The court at the stage of ordering a meeting to approve a scheme does not ordinarily go very far into the question of whether the arrangement is one which warrants the approval of the court … That question is to be answered when the scheme returns to the court for final approval. That is not to exclude the possibility that a scheme may appear on its face so blatantly unfair or otherwise inappropriate that it should be stopped in its tracks before going any further."
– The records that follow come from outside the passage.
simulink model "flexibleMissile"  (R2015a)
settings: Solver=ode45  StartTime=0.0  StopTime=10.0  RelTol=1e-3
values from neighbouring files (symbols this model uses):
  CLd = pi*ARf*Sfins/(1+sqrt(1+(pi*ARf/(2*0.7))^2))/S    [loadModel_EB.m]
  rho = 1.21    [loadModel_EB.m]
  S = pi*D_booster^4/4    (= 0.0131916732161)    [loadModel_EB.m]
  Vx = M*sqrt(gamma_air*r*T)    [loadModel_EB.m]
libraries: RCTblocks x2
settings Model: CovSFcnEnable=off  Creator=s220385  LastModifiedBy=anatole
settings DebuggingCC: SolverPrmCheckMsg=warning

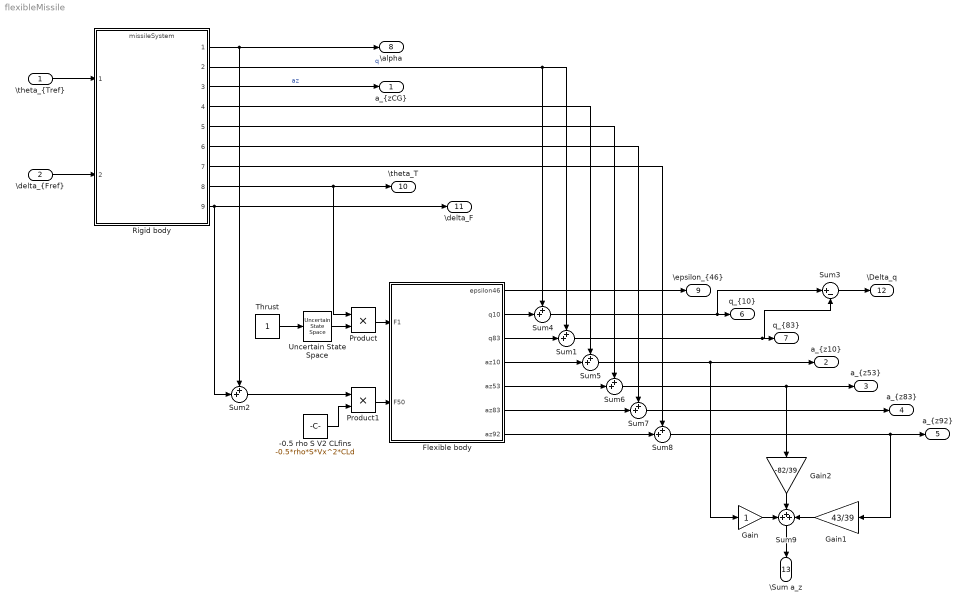
== system flexibleMissile ==
  "\\theta_{Tref}" : Inport
  "\\delta_{Fref}" : Inport  Port=2
  -0.5 rho S V2 CLfins : Constant  Value=-0.5*rho*S*Vx^2*CLd
  Flexible body : Subsystem
      mask Display:
      | port_label('input',1,'Tail Lateral Force')
      | port_label('input',2,'Fins Lateral Force')
      | 
      | port_label('output',1,'\epsilon_{46}','texmode','on')
      | port_label('output',2,'q_{10}','texmode','on')
      | port_label('output',3,'q_{83}','texmode','on')
      | port_label('output',4,'a_{z10}','texmode','on')
      | port_label('output',5,'a_{z53}','texmode','on')
      | port_label('output',6,'a_{z83}','texmode','on')
      | port_label('output',7,'a_{z92}','texmode','on')
  Gain : Gain
  Gain1 : Gain  Gain=43/39
  Gain2 : Gain  Gain=-82/39
  Product : Product
  Product1 : Product
  Rigid body : ModelReference  ModelNameDialog=missileSystem  SimulationMode=Normal  ModelReferenceVersion=1.16  CopyOfModelName=missileSystem  DefaultDataLogging=on
      mask Display:
      | port_label('input',1,'\theta_{Tref}','texmode','on')
      | port_label('input',2,'\delta_{Fref}','texmode','on')
      | 
      | port_label('output',1,'\alpha','texmode','on')
      | port_label('output',2,'q','texmode','on')
      | port_label('output', 3, 'a_{zCG}','texmode','on')
      | port_label('output', 4, 'a_{z10}','texmode','on')
      | port_label('output', 5, 'a_{z53}','texmode','on')
      | port_label('output', 6, 'a_{z83}','texmode','on')
      | port_label('output', 7, 'a_{z91}','texmode','on')
      | port_label('output',8,'\theta_T','texmode','on')
      | port_label('output',9,'\delta_F','texmode','on')
  Sum{1..2,4..8} (7 alike) : Sum  Inputs=++|
  Sum3 : Sum  Inputs=|+-
  Sum9 : Sum  Inputs=+++
  Thrust : Constant
  Uncertain State Space : RCTblocks/Uncertain State Space  Tag=USS  USystem=T0  UValue=[]  X0=[]  uX0=[]
  "a_{zCG}" : Outport
  "a_{z10}" : Outport  Port=2
  "a_{z53}" : Outport  Port=3
  "a_{z83}" : Outport  Port=4
  "a_{z92}" : Outport  Port=5
  "q_{10}" : Outport  Port=6
  "q_{83}" : Outport  Port=7
  \alpha : Outport  Port=8
  "\\epsilon_{46}" : Outport  Port=9
  \theta_T : Outport  Port=10
  \delta_F : Outport  Port=11
  \Delta_q : Outport  Port=12
  \Sum a_z : Outport  Port=13
  wires:
  Product/1 -> Flexible body/1(F1)
  Thrust/1 -> Uncertain State Space/1
  "\\theta_{Tref}"/1 -> Rigid body/1
  Rigid body/1 -> \alpha/1, Sum2/1
  Rigid body/8 -> \theta_T/1, Product/1
  Flexible body/3(q83) -> Sum1/2
  Flexible body/4(az10) -> Sum5/2
  Flexible body/5(az53) -> Sum6/2
  Flexible body/6(az83) -> Sum7/2
  Flexible body/7(az92) -> Sum8/2
  Flexible body/2(q10) -> Sum4/2
  Rigid body/2 -> Sum4/1, Sum1/1  "q"
  Rigid body/4 -> Sum5/1
  Rigid body/5 -> Sum6/1
  Rigid body/6 -> Sum7/1
  Rigid body/7 -> Sum8/1
  Rigid body/3 -> "a_{zCG}"/1  "az"
  Flexible body/1(epsilon46) -> "\\epsilon_{46}"/1
  Sum4/1 -> Sum3/1, "q_{10}"/1
  Sum1/1 -> Sum3/2, "q_{83}"/1
  Sum5/1 -> Gain/1, "a_{z10}"/1
  Sum6/1 -> Gain2/1, "a_{z53}"/1
  Sum7/1 -> "a_{z83}"/1
  Sum8/1 -> Gain1/1, "a_{z92}"/1
  "\\delta_{Fref}"/1 -> Rigid body/2
  Rigid body/9 -> \delta_F/1, Sum2/2
  Sum2/1 -> Product1/1
  Product1/1 -> Flexible body/2(F50)
  -0.5 rho S V2 CLfins/1 -> Product1/2
  Sum3/1 -> \Delta_q/1
  Sum9/1 -> \Sum a_z/1
  Gain/1 -> Sum9/1
  Gain1/1 -> Sum9/3
  Gain2/1 -> Sum9/2
  Uncertain State Space/1 -> Product/2

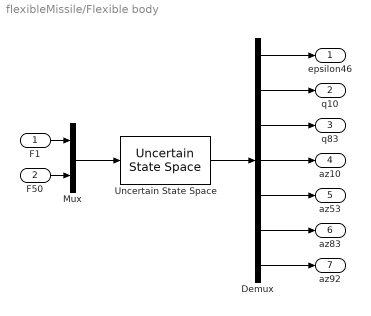
== system flexibleMissile/Flexible body ==
  F1 : Inport
  F50 : Inport  Port=2
  Demux : Demux  Outputs=7
  Mux : Mux  Inputs=2
  Uncertain State Space : RCTblocks/Uncertain State Space  Tag=USS  USystem=flexi  UValue=[]  X0=[]  uX0=[]
  epsilon46 : Outport
  q10 : Outport  Port=2
  q83 : Outport  Port=3
  az10 : Outport  Port=4
  az53 : Outport  Port=5
  az83 : Outport  Port=6
  az92 : Outport  Port=7
  wires:
  Demux/1 -> epsilon46/1
  Demux/2 -> q10/1
  Demux/3 -> q83/1
  Demux/4 -> az10/1
  Demux/5 -> az53/1
  Demux/6 -> az83/1
  Demux/7 -> az92/1
  F1/1 -> Mux/1
  F50/1 -> Mux/2
  Mux/1 -> Uncertain State Space/1
  Uncertain State Space/1 -> Demux/1
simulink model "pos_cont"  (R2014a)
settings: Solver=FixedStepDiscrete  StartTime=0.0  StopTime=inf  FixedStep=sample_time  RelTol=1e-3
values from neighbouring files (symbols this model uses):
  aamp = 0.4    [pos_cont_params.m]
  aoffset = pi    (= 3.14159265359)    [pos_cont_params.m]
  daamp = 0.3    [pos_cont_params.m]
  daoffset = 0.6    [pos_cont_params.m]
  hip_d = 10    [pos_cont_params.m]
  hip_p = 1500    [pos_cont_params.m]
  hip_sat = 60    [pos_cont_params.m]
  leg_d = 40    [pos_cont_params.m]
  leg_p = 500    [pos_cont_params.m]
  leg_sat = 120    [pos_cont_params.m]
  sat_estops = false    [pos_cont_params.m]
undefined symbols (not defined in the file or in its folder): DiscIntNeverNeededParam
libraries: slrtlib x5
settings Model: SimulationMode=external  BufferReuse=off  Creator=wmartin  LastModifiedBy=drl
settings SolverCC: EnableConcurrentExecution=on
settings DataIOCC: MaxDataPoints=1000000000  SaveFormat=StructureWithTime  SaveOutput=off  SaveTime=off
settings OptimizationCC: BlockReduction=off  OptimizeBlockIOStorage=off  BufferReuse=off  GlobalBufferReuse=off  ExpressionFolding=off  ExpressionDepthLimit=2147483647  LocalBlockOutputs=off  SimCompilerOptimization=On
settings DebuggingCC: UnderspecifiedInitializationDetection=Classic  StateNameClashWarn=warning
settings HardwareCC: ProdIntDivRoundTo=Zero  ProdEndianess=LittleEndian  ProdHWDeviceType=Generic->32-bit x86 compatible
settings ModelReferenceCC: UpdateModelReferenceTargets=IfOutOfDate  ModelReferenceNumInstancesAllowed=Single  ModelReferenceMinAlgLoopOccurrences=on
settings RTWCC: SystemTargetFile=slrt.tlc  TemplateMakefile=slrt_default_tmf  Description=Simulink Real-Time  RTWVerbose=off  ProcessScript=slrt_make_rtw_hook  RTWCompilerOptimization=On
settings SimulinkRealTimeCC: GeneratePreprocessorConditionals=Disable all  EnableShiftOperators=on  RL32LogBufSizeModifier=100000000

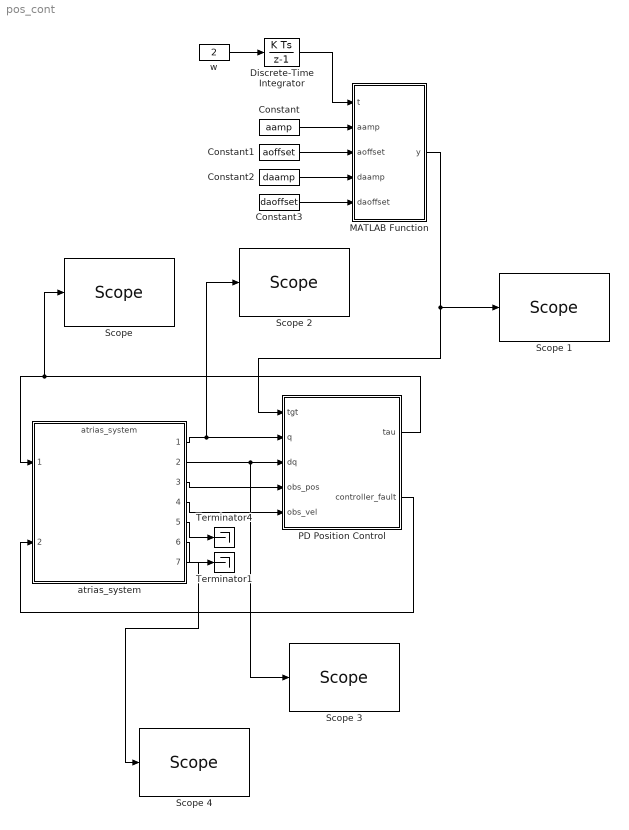
== system pos_cont ==
  Constant : Constant  Value=aamp
  Constant1 : Constant  Value=aoffset
  Constant2 : Constant  Value=daamp
  Constant3 : Constant  Value=daoffset
  Discrete-Time Integrator : DiscreteIntegrator  SampleTime=-1  ICPrevOutput=DiscIntNeverNeededParam  ICPrevScaledInput=DiscIntNeverNeededParam
  MATLAB Function : MATLAB Function  TreatAsAtomicUnit=on
  PD Position Control : MATLAB Function  TreatAsAtomicUnit=on
  "Scope " : slrtlib/Displays and Logging/Scope   scopeno=1  scopetype=Target  autostart=on  viewmode=Numerical  formatstr='%15.6f'  grid=on  ylimits=[0,0]  nosamples=100  noprepostsamples=0  interleave=1  triggermode=FreeRun  triggersignal=1  trigsignalfromport=off  triggerlevel=0.0  triggerslope=Either  triggerscope=1  triggersample=0  filename=data.dat  mode=Lazy  writesize=512  autorestart=off  dynamicfilemode=off  maxwritefilesize=512*1024^2
  Scope 1 : slrtlib/Displays and Logging/Scope   scopeno=2  scopetype=Target  autostart=on  viewmode=Graphical rolling  formatstr='%15.6f'  grid=on  ylimits=[0,0]  nosamples=2000  noprepostsamples=0  interleave=1  triggermode=FreeRun  triggersignal=1  trigsignalfromport=off  triggerlevel=0.0  triggerslope=Either  triggerscope=1  triggersample=0  filename=data.dat  mode=Lazy  writesize=512  autorestart=off  dynamicfilemode=off  maxwritefilesize=512*1024^2
  Scope 2 : slrtlib/Displays and Logging/Scope   scopeno=3  scopetype=Target  autostart=on  viewmode=Numerical  formatstr='%15.6f'  grid=on  ylimits=[0,0]  nosamples=100  noprepostsamples=0  interleave=1  triggermode=FreeRun  triggersignal=1  trigsignalfromport=off  triggerlevel=0.0  triggerslope=Either  triggerscope=1  triggersample=0  filename=data.dat  mode=Lazy  writesize=512  autorestart=off  dynamicfilemode=off  maxwritefilesize=512*1024^2
  Scope 3 : slrtlib/Displays and Logging/Scope   scopeno=4  scopetype=Target  autostart=on  viewmode=Graphical rolling  formatstr='%15.6f'  grid=on  ylimits=[0,0]  nosamples=2000  noprepostsamples=0  interleave=1  triggermode=FreeRun  triggersignal=1  trigsignalfromport=off  triggerlevel=0.0  triggerslope=Either  triggerscope=1  triggersample=0  filename=data.dat  mode=Lazy  writesize=512  autorestart=off  dynamicfilemode=off  maxwritefilesize=512*1024^2
  Scope 4 : slrtlib/Displays and Logging/Scope   scopeno=5  scopetype=Target  autostart=on  viewmode=Numerical  formatstr='%15.6f'  grid=on  ylimits=[0,0]  nosamples=100  noprepostsamples=0  interleave=1  triggermode=FreeRun  triggersignal=1  trigsignalfromport=off  triggerlevel=0.0  triggerslope=Either  triggerscope=1  triggersample=0  filename=data.dat  mode=Lazy  writesize=512  autorestart=off  dynamicfilemode=off  maxwritefilesize=512*1024^2
  Terminator1 : Terminator
  Terminator4 : Terminator
  atrias_system : ModelReference  ModelNameDialog=atrias_system  SimulationMode=Normal  ModelReferenceVersion=1.1741  CopyOfModelName=atrias_system  DefaultDataLogging=on
  w : Constant  Value=2
  wires:
  PD Position Control/1(tau) -> "Scope "/1, atrias_system/1
  atrias_system/5 -> Terminator4/1
  atrias_system/6 -> Terminator1/1
  atrias_system/3 -> PD Position Control/4(obs_pos)
  atrias_system/4 -> PD Position Control/5(obs_vel)
  atrias_system/2 -> Scope 3/1, PD Position Control/3(dq)
  atrias_system/1 -> Scope 2/1, PD Position Control/2(q)
  PD Position Control/2(controller_fault) -> atrias_system/2
  MATLAB Function/1(y) -> Scope 1/1, PD Position Control/1(tgt)
  w/1 -> Discrete-Time Integrator/1
  Discrete-Time Integrator/1 -> MATLAB Function/1(t)
  Constant3/1 -> MATLAB Function/5(daoffset)
  Constant2/1 -> MATLAB Function/4(daamp)
  Constant1/1 -> MATLAB Function/3(aoffset)
  Constant/1 -> MATLAB Function/2(aamp)
  atrias_system/7 -> Scope 4/1

== matlab function pos_cont/MATLAB Function ==
  data: t input; y output; aamp input; aoffset input; daamp input; daoffset input
function y = fcn(t, aamp, aoffset, daamp, daoffset)
%#codegen

y = [aamp * sin(t) + aoffset - (daoffset + daamp * sin(t + pi/2));
    aamp * sin(t) + aoffset + (daoffset + daamp * sin(t + pi/2));
    0;
    aamp * sin(t + pi) + aoffset - (daoffset + daamp * sin(t + 3*pi/2));
    aamp * sin(t + pi) + aoffset + (daoffset + daamp * sin(t + 3*pi/2));
    0];

== matlab function pos_cont/PD Position Control ==
  data: tgt input; tau output; q input; dq input; obs_pos input; obs_vel input; hip_sat parameter; leg_sat parameter; leg_p parameter; leg_d parameter; hip_p parameter; hip_d parameter; sat_estops parameter boolean; controller_fault output boolean
function [tau,controller_fault] = fcn(tgt, q, dq, obs_pos, obs_vel, hip_sat, leg_sat, leg_p, leg_d, hip_p, hip_d, sat_estops)
%#codegen

% Grab the motor positions and velocities in the same order as tau
% mot_q  = [ obs_pos([1 2])';  q(9)
%            obs_pos([3 4])';  q(10) ];
mot_q  = q([2, 4, 9, 6, 8, 10]);

% mot_dq = [ obs_vel([1 2])'; dq(9)
%            obs_vel([3 4])'; dq(10) ];
mot_dq = dq([2, 4, 9, 6, 8, 10]);

% Do the control
tau = [leg_p; leg_p; hip_p; leg_p; leg_p; hip_p] .* (tgt - mot_q) - ...
      [leg_d; leg_d; hip_d; leg_d; leg_d; hip_d] .* mot_dq;

% Apply the saturation limits
all_sats  = [leg_sat; leg_sat; hip_sat; leg_sat; leg_sat; hip_sat];
tau_unsat = tau;
tau       = min(tau,  all_sats);
tau       = max(tau, -all_sats);

% Check if any saturations have been hit. If so, then possibly transmit a
% controller fault
controller_fault = sat_estops & any(tau ~= tau_unsat);

Mr Williams also points out that, at the first Court hearing, the Court is not concerned with whether final approval should be given to the scheme, but whether the scheme is one which is adequately explained to those who have a financial interest in it, and whether there is any obvious flaw in the scheme, such that it would be inappropriate even for it to be submitted for consideration: Re Abacus Funds Management Ltd (2006) 24 ACLC 211; [2005] NSWSC 1309 at [23]; Villa World at [18]. The Court is also not required to be satisfied that no better scheme could have been proposed, and the question is whether it is reasonable to suppose that sensible business people might consider the arrangement proposed is of benefit to members: Re Centrebet International Ltd [2011] FCA 870 at [29]; Re SAI Global Ltd [2016] FCA 1312 at [18]; DUET Finance at [14]; BIS Finance at [22].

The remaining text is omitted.